[Extracted data entries]
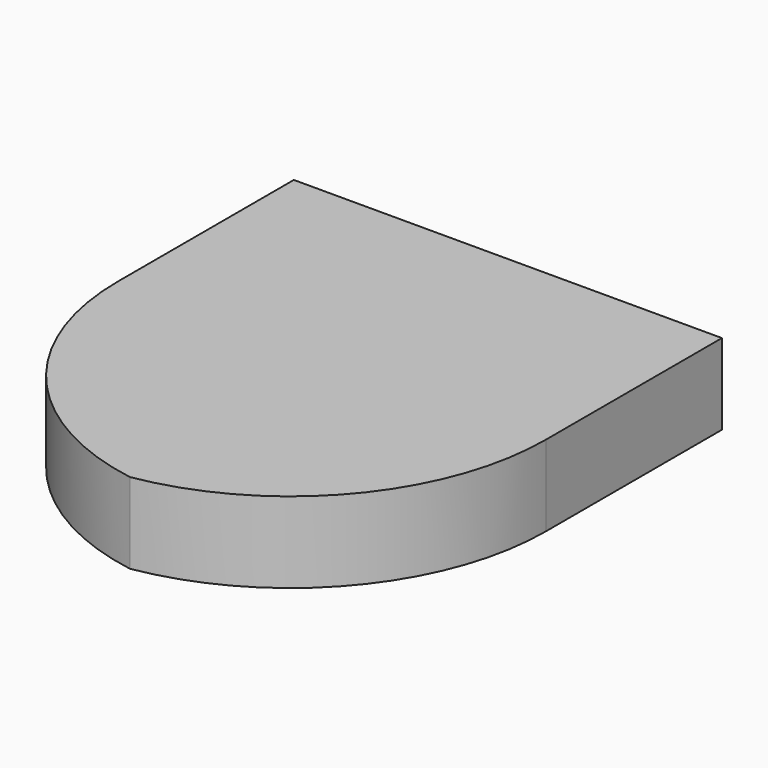
from build123d import *

# Parameters (mm, degrees)
F0_W        = 64.6526291966
F0_H        = 71.8573257327
F1_DEPTH    = 12.192
F2_T1_DEPTH = 205.3532271255


# Not quite as in the source:
# - a fillet or chamfer that OpenCascade refuses, or shapes differently, is made with other operations: its cross-section is extruded or revolved along the edge and cut away or added


with BuildPart() as f1:
    # F0 (on Top) → F1 (new body)
    with BuildSketch(Plane.XY):
        with Locations((7.299490273, 7.4890889227)):
            Rectangle(F0_W, F0_H)
    extrude(amount=F1_DEPTH)

    # F2: fillet of radius 38.6322454251 on 2 edges, made by hand

    # F2_s2 → F2_t1 (cut)
    with BuildSketch(Plane.XY.offset(-96.5806135627)):
        with BuildLine():
            ThreePointArc((0.9935594462, -28.4395739436), (28.3106821588, -17.1244512311), (39.6258048713, 10.1926714815))
            Line((39.6258048713, 10.1926714815), (39.6258048713, -28.4395739436))
            Line((39.6258048713, -28.4395739436), (0.9935594462, -28.4395739436))
        make_face()
        with BuildLine():
            ThreePointArc((-25.0268243253, 10.1926714815), (-13.7117016128, -17.1244512311), (13.6054210998, -28.4395739436))
            Line((13.6054210998, -28.4395739436), (-25.0268243253, -28.4395739436))
            Line((-25.0268243253, -28.4395739436), (-25.0268243253, 10.1926714815))
        make_face()
    extrude(amount=F2_T1_DEPTH, mode=Mode.SUBTRACT)


solid = f1.part

PROMPT: After locating the line containing "-17.1244512311), (39.6258048713, 10.1926714815))", write out that line and all remaining lines of the records exactly, with nothing added.

TASK ANSWER:
            ThreePointArc((0.9935594462, -28.4395739436), (28.3106821588, -17.1244512311), (39.6258048713, 10.1926714815))
            Line((39.6258048713, 10.1926714815), (39.6258048713, -28.4395739436))
            Line((39.6258048713, -28.4395739436), (0.9935594462, -28.4395739436))
        make_face()
        with BuildLine():
            ThreePointArc((-25.0268243253, 10.1926714815), (-13.7117016128, -17.1244512311), (13.6054210998, -28.4395739436))
            Line((13.6054210998, -28.4395739436), (-25.0268243253, -28.4395739436))
            Line((-25.0268243253, -28.4395739436), (-25.0268243253, 10.1926714815))
        make_face()
    extrude(amount=F2_T1_DEPTH, mode=Mode.SUBTRACT)


solid = f1.part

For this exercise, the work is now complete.